从一开始沙提尔就陷入了困境。伊尔贡、斯特恩帮和帕尔马赫都怀疑沙提尔要他们实施牵制性攻击,目的是为了让自己的部队抢占拿下老城的头功。帕尔马赫的伊扎克·拉宾和约瑟夫·塔本金(Josef Tabenkin)不信他的计划能够奏效。在拉宾看来,攻击雅法门“无异于以卵击石”。
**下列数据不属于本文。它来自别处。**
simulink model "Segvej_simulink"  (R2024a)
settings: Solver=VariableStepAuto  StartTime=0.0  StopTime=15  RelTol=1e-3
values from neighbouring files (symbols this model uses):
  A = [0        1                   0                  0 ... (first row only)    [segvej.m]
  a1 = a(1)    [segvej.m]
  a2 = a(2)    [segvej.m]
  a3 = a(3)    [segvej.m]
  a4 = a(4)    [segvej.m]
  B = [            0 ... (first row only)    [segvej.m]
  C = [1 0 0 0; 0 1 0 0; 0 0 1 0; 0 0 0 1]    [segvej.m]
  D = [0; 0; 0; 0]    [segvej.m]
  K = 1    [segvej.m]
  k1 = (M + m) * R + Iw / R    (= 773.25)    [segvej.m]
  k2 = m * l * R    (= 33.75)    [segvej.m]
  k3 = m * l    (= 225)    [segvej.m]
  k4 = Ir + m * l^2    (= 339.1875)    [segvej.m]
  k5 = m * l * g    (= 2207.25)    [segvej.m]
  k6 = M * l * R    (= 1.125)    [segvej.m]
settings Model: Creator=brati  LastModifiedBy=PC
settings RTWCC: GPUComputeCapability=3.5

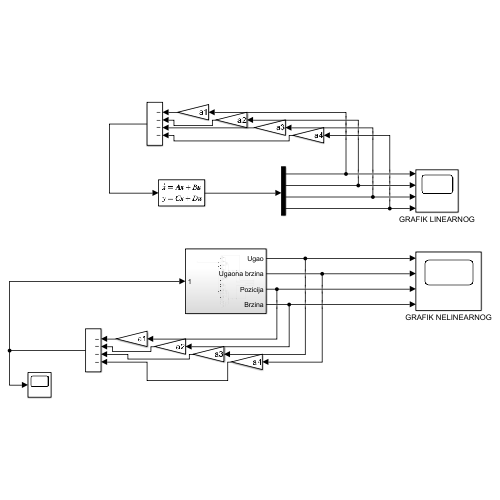
[thumbnail: Simulink's stored preview of the top-level diagram]
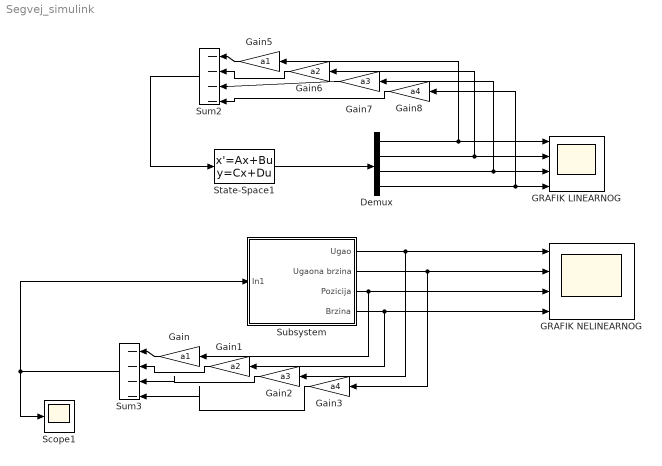
== system Segvej_simulink ==
  Demux : Demux
  GRAFIK LINEARNOG : Scope  NumInputPorts=4
  GRAFIK NELINEARNOG : Scope  NumInputPorts=4
  Gain : Gain  Gain=a1
  Gain1 : Gain  Gain=a2
  Gain2 : Gain  Gain=a3
  Gain3 : Gain  Gain=a4
  Gain5 : Gain  Gain=a1
  Gain6 : Gain  Gain=a2
  Gain7 : Gain  Gain=a3
  Gain8 : Gain  Gain=a4
  Scope1 : Scope
  State-Space1 : StateSpace  A=A  B=B  C=C  D=D  InitialCondition=[0 0 1 0]
  Subsystem : Subsystem
  Sum2 : Sum  Inputs=|-|-|-|-|
  Sum3 : Sum  Inputs=|-|-|-|-|
  wires:
  Subsystem/1(Ugao) -> Gain2/1, GRAFIK NELINEARNOG/1
  Subsystem/2(Ugaona brzina) -> Gain3/1, GRAFIK NELINEARNOG/2
  Subsystem/3(Pozicija) -> Gain/1, GRAFIK NELINEARNOG/3
  Subsystem/4(Brzina) -> Gain1/1, GRAFIK NELINEARNOG/4
  Gain/1 -> Sum3/1
  Gain1/1 -> Sum3/2
  Gain2/1 -> Sum3/3
  Gain3/1 -> Sum3/4
  State-Space1/1 -> Demux/1
  Demux/1 -> Gain5/1, GRAFIK LINEARNOG/1
  Demux/2 -> Gain6/1, GRAFIK LINEARNOG/2
  Demux/3 -> Gain7/1, GRAFIK LINEARNOG/3
  Demux/4 -> Gain8/1, GRAFIK LINEARNOG/4
  Gain5/1 -> Sum2/1
  Gain7/1 -> Sum2/3
  Gain8/1 -> Sum2/4
  Gain6/1 -> Sum2/2
  Sum3/1 -> Subsystem/1(In1), Scope1/1
  Sum2/1 -> State-Space1/1

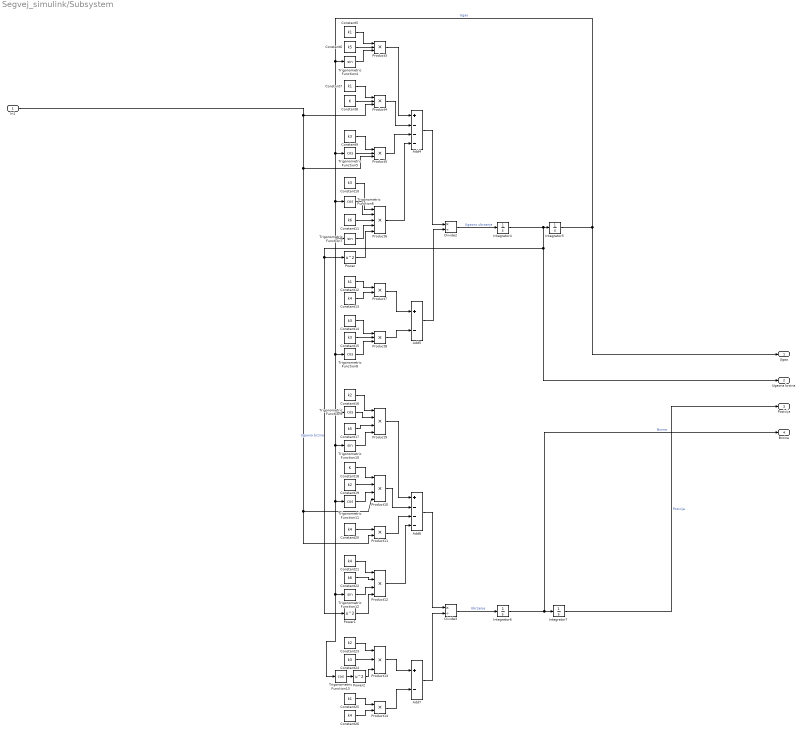
== system Segvej_simulink/Subsystem ==
  In1 : Inport
  Add4 : Sum  Inputs=+---
  Add5 : Sum  Inputs=+-
  Add6 : Sum  Inputs=+---
  Add7 : Sum  Inputs=+-
  Constant{9..10,14..15,24} (5 alike) : Constant  Value=k3
  Constant11 : Constant  Value=k6
  Constant{5,7,12,25} (4 alike) : Constant  Value=k1
  Constant{13,20..21,26} (4 alike) : Constant  Value=k4
  Constant16 : Constant  Value=k2
  Constant17 : Constant  Value=k5
  Constant18 : Constant  Value=K
  Constant19 : Constant  Value=k2
  Constant22 : Constant  Value=k6
  Constant23 : Constant  Value=k2
  Constant6 : Constant  Value=k5
  Constant8 : Constant  Value=K
  Divide2 : Product  Inputs=*/
  Divide3 : Product  Inputs=*/
  Integrator4 : Integrator
  Integrator5 : Integrator  InitialCondition=1
  Integrator6 : Integrator
  Integrator7 : Integrator
  Power : Math  Operator=square
  Power1 : Math  Operator=square
  Power2 : Math  Operator=square
  Product10 : Product  Inputs=4
  Product11 : Product
  Product12 : Product  Inputs=4
  Product{3..5,8,13} (5 alike) : Product  Inputs=3
  Product14 : Product
  Product6 : Product  Inputs=5
  Product7 : Product
  Product9 : Product  Inputs=4
  Trigonometric Function{4,7,10,12} (4 alike) : Trigonometry
  Trigonometric Function{5..6,8..9,11,13} (6 alike) : Trigonometry  Operator=cos
  Ugao : Outport
  Ugaona brzina : Outport  Port=2
  Pozicija : Outport  Port=3
  Brzina : Outport  Port=4
  wires:
  Constant15/1 -> Product8/2
  Integrator5/1 -> Ugao/1, Trigonometric Function4/1, Trigonometric Function9/1, Trigonometric Function13/1, Trigonometric Function12/1, Trigonometric Function11/1, Trigonometric Function10/1, Trigonometric Function8/1, Trigonometric Function7/1, Trigonometric Function6/1, Trigonometric Function5/1  "Ugao"
  In1/1 -> Product5/3, Product10/4, Product11/2, Product4/3
  Product3/1 -> Add4/1
  Constant20/1 -> Product11/1
  Constant19/1 -> Product10/2
  Integrator4/1 -> Ugaona brzina/1, Power/1, Power1/1, Integrator5/1  "Ugaona brzina"
  Trigonometric Function5/1 -> Product5/2
  Trigonometric Function10/1 -> Product9/4
  Trigonometric Function7/1 -> Product6/4
  Trigonometric Function8/1 -> Product8/3
  Product10/1 -> Add6/2
  Constant5/1 -> Product3/1
  Constant11/1 -> Product6/3
  Constant22/1 -> Product12/2
  Product4/1 -> Add4/2
  Constant26/1 -> Product14/2
  Constant25/1 -> Product14/1
  Constant10/1 -> Product6/1
  Product5/1 -> Add4/3
  Trigonometric Function13/1 -> Power2/1
  Product6/1 -> Add4/4
  Power2/1 -> Product13/3
  Add5/1 -> Divide2/2
  Constant18/1 -> Product10/1
  Trigonometric Function6/1 -> Product6/2
  Constant17/1 -> Product9/3
  Product8/1 -> Add5/2
  Constant24/1 -> Product13/2
  Constant6/1 -> Product3/2
  Trigonometric Function9/1 -> Product9/2
  Constant13/1 -> Product7/2
  Divide2/1 -> Integrator4/1  "Ugaono ubrzanje"
  Constant7/1 -> Product4/1
  Constant16/1 -> Product9/1
  Trigonometric Function4/1 -> Product3/3
  Product7/1 -> Add5/1
  Add4/1 -> Divide2/1
  Product9/1 -> Add6/1
  Power/1 -> Product6/5
  Constant8/1 -> Product4/2
  Constant23/1 -> Product13/1
  Trigonometric Function11/1 -> Product10/3
  Product12/1 -> Add6/4
  Product11/1 -> Add6/3
  Constant12/1 -> Product7/1
  Add6/1 -> Divide3/1
  Constant21/1 -> Product12/1
  Product14/1 -> Add7/2
  Power1/1 -> Product12/4
  Constant9/1 -> Product5/1
  Divide3/1 -> Integrator6/1  "Ubrzanje"
  Add7/1 -> Divide3/2
  Constant14/1 -> Product8/1
  Product13/1 -> Add7/1
  Integrator6/1 -> Brzina/1, Integrator7/1  "Brzina"
  Trigonometric Function12/1 -> Product12/3
  Integrator7/1 -> Pozicija/1  "Pozicija"

他和塔本金反而敦促他集中兵力,从曼德尔鲍姆大楼的东北角攻入老城,这样他们就能够控制通往耶路撒冷的各主要道路。

“我不想要你们建议我该如何打仗,”沙提尔告诉他们,“我只是问,关于这次牵制行动,你们到底准备好了没有?”

连沙提尔自己的亲信,甚至也不像沙提尔那样对这个方案充满信心。伊扎克·列维警告他,在大卫塔城堡上只要有一挺阿拉伯人的机枪,就足以遏制他们的攻击。他要采尔曼·马特第一个去指挥这个行动,但他抗命不遵,称该计划行不通。

然而,他们的批评并未动摇沙提尔的决心。他对此次行动的结果信心满满,并且已经为庆功准备好了两个必不可少的东西:一是沙提尔打算插在大卫塔顶楼上的一面犹太国家的新国旗,一是沙提尔藏在犹太代办处指挥部后院的一头羔羊。一个比在阿拉伯牧羊人手中更为崇高的使命等待着这头牲畜。沙提尔打算将耶路撒冷的城墙交还在犹太人手里的时候,就在大卫塔的地基上把这头羊献为祭品。